Nevertheless, the man had never looked more interested in what Joy had to say. Somehow, despite working in the same fields, tech entrepreneurs were always the most likely to believe tech bullshit. This was good for Joy as the client’s excitement would need to carry him through the next part of the pitch. The next part was usually boring for men in their late-thirties, who are just young enough to not have to seriously contemplate their own mortality.
“Lastly, we come to the IntermissionTM. As you may already know, death for a rich man is a far more troublesome and tiresome matter than it is for the common man. You have to get your considerable affairs in order while simultaneously dodging unholy instruments of blasphemy such as the estate tax or *spit*, the inheritance tax. “
He affected a highly disgusted expression which provoked an almost patriotically sympathetic response from the client. The pastor was surprised. Such old wealth sensibilities from one so clearly newly rich was heartwarming to witness.
“Well, worry not, for the CMR is YOUR friend! Our premium members have complimentary access to our Axel Bequeath Pro service. Axel Pro allows a premium member to bequeath most of their inheritance to the CMR. Don’t be alarmed, this is merely temporary and the rights will revert back, tax free, to the rightful heirs after a few years. Ahh, I know what you are thinking. How do you manage that?”

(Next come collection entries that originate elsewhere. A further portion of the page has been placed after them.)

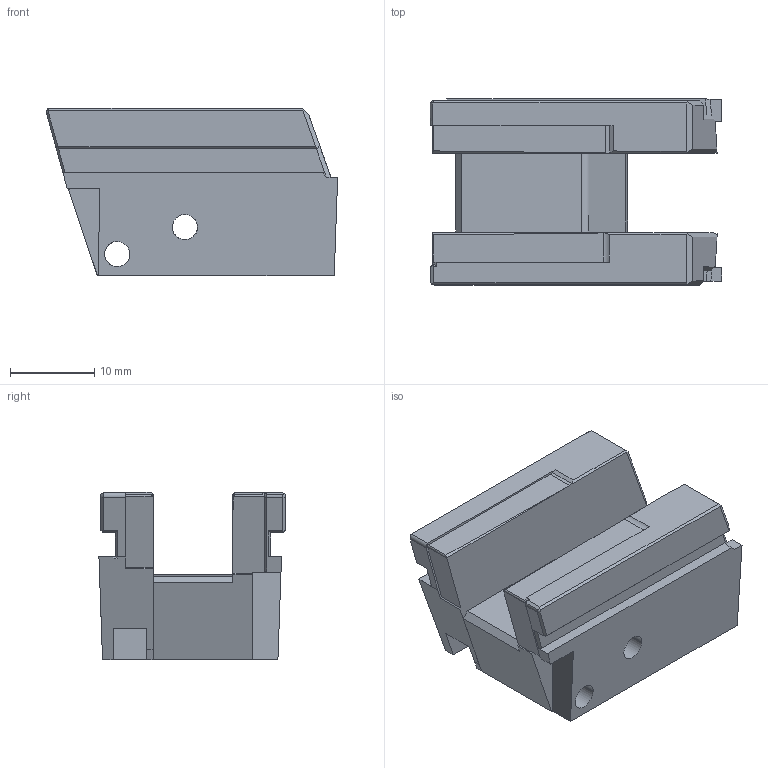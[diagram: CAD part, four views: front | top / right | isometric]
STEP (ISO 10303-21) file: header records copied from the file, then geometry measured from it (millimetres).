
FILE_DESCRIPTION (( 'STEP AP214' ), '1' );
FILE_NAME ('3089 Rear Rail Block.STEP', '2022-08-18T01:02:16', ( '' ), ( '' ), 'SwSTEP 2.0', 'SolidWorks 2020', '' );
FILE_SCHEMA (( 'AUTOMOTIVE_DESIGN' ));
Length unit declared in the file: millimetre
Products named in the file (1): 3089 Rear Rail Block
Bounding box: 34.65 x 22.14 x 19.87 mm (x, y, z)
Volume: 7992.3 mm3; surface area: 4382.2 mm2
Topology: 1 solids, 1 shells, 130 faces, 380 edges, 250 vertices
Faces by surface type: plane 105, cylinder 14, bspline 6, cone 5
Entity records: 4660 total; most frequent: CARTESIAN_POINT 1482, ORIENTED_EDGE 760, DIRECTION 501, EDGE_CURVE 380, VERTEX_POINT 250, LINE 217, VECTOR 217, AXIS2_PLACEMENT_3D 142
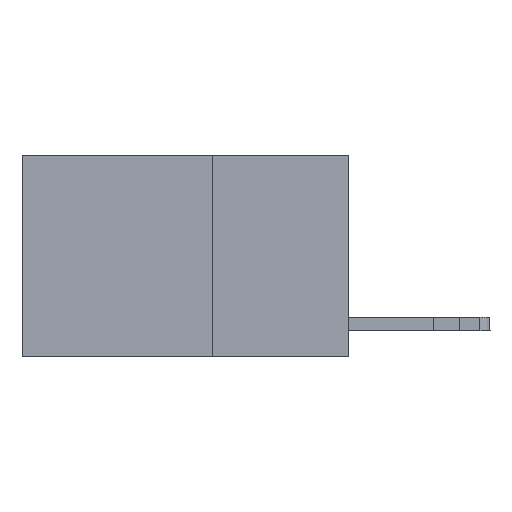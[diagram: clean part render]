
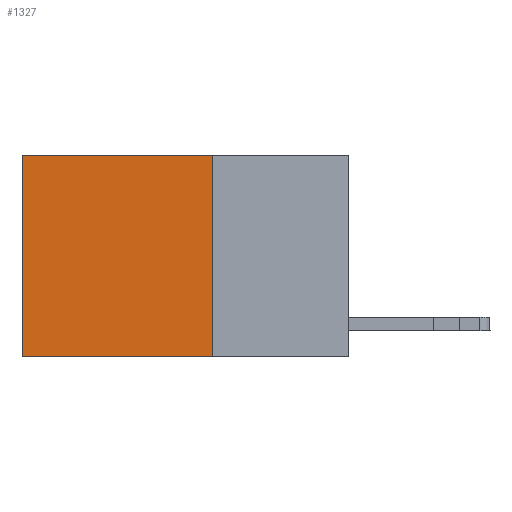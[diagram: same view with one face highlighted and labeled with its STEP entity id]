
A CAD part, left-side view. The second image highlights one B-rep face of the part: STEP entity #1327.
In plain terms, the highlighted planar face has unit normal (-1, 0, 0).
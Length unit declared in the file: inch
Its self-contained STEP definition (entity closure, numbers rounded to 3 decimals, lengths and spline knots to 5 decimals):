
#274 = VECTOR ( 'NONE', #15278, 39.37008 ) ;
#534 = VERTEX_POINT ( 'NONE', #18647 ) ;
#659 = VERTEX_POINT ( 'NONE', #11992 ) ;
#1327 = ADVANCED_FACE ( 'NONE', ( #2939 ), #8138, .F. ) ;
#2228 = EDGE_CURVE ( 'NONE', #659, #534, #5948, .T. ) ;
#2939 = FACE_OUTER_BOUND ( 'NONE', #16545, .T. ) ;
#2956 = EDGE_CURVE ( 'NONE', #12312, #534, #3242, .T. ) ;
#3242 = LINE ( 'NONE', #8800, #4995 ) ;
#4404 = EDGE_CURVE ( 'NONE', #12750, #659, #11387, .T. ) ;
#4995 = VECTOR ( 'NONE', #13891, 39.37008 ) ;
#5637 = ORIENTED_EDGE ( 'NONE', *, *, #4404, .T. ) ;
#5948 = LINE ( 'NONE', #21252, #7527 ) ;
#6313 = CARTESIAN_POINT ( 'NONE',  ( 0.2625, 0.25, 0. ) ) ;
#7310 = ORIENTED_EDGE ( 'NONE', *, *, #2228, .T. ) ;
#7527 = VECTOR ( 'NONE', #11985, 39.37008 ) ;
#8138 = PLANE ( 'NONE',  #18857 ) ;
#8800 = CARTESIAN_POINT ( 'NONE',  ( 0.2625, 0.25, -0.37 ) ) ;
#9334 = ORIENTED_EDGE ( 'NONE', *, *, #2956, .F. ) ;
#10310 = CARTESIAN_POINT ( 'NONE',  ( 0.2625, 0.25, 0. ) ) ;
#11387 = LINE ( 'NONE', #15049, #274 ) ;
#11985 = DIRECTION ( 'NONE',  ( 0., 0., -1. ) ) ;
#11992 = CARTESIAN_POINT ( 'NONE',  ( 0.2625, 0.6, 0. ) ) ;
#12312 = VERTEX_POINT ( 'NONE', #22286 ) ;
#12520 = EDGE_CURVE ( 'NONE', #12750, #12312, #22609, .T. ) ;
#12750 = VERTEX_POINT ( 'NONE', #18280 ) ;
#13239 = ORIENTED_EDGE ( 'NONE', *, *, #12520, .F. ) ;
#13891 = DIRECTION ( 'NONE',  ( 0., 1., 0. ) ) ;
#15049 = CARTESIAN_POINT ( 'NONE',  ( 0.2625, 0.25, 0. ) ) ;
#15278 = DIRECTION ( 'NONE',  ( 0., 1., 0. ) ) ;
#15410 = DIRECTION ( 'NONE',  ( 0., 0., -1. ) ) ;
#16545 = EDGE_LOOP ( 'NONE', ( #7310, #9334, #13239, #5637 ) ) ;
#17274 = DIRECTION ( 'NONE',  ( 0., 0., -1. ) ) ;
#18280 = CARTESIAN_POINT ( 'NONE',  ( 0.2625, 0.25, 0. ) ) ;
#18647 = CARTESIAN_POINT ( 'NONE',  ( 0.2625, 0.6, -0.37 ) ) ;
#18857 = AXIS2_PLACEMENT_3D ( 'NONE', #10310, #22805, #17274 ) ;
#21252 = CARTESIAN_POINT ( 'NONE',  ( 0.2625, 0.6, 0. ) ) ;
#21825 = VECTOR ( 'NONE', #15410, 39.37008 ) ;
#22286 = CARTESIAN_POINT ( 'NONE',  ( 0.2625, 0.25, -0.37 ) ) ;
#22609 = LINE ( 'NONE', #6313, #21825 ) ;
#22805 = DIRECTION ( 'NONE',  ( 1., 0., 0. ) ) ;

“Well, you bequeath as much of your liquid assets as you want to one of our member branches in our offshore island locations. Once bequeathed in such a manner, these assets cannot be taxed. However, when you bequeath your assets to the CMR, you can specify that the assets can only be used by the church if they are redeemed within a few years and for a specific purpose. Naturally, the CMR will fail to use these funds and the assets will therefore revert to your living heirs. Now, you may ask, wont those funds be taxed when they return to your heirs? No, they won’t! Because the laws of the island nation where our Axel branches are located specify that the funds must go to a local bank. And as you may already know, taxes in these shining beacons of enlightenment are gloriously low! “
The pastor felt uneasy. He had worked himself into such a righteous fervour while delivering the pitch that he was beginning to sound sarcastic. Or maybe he was actually being sarcastic, through some subconscious desire to distance himself from the pitch and its contents. It was hard to tell sometimes when he was delivering one of these pitches. Regardless, he would need to tone down his enthusiasm unless he wanted to offend the client.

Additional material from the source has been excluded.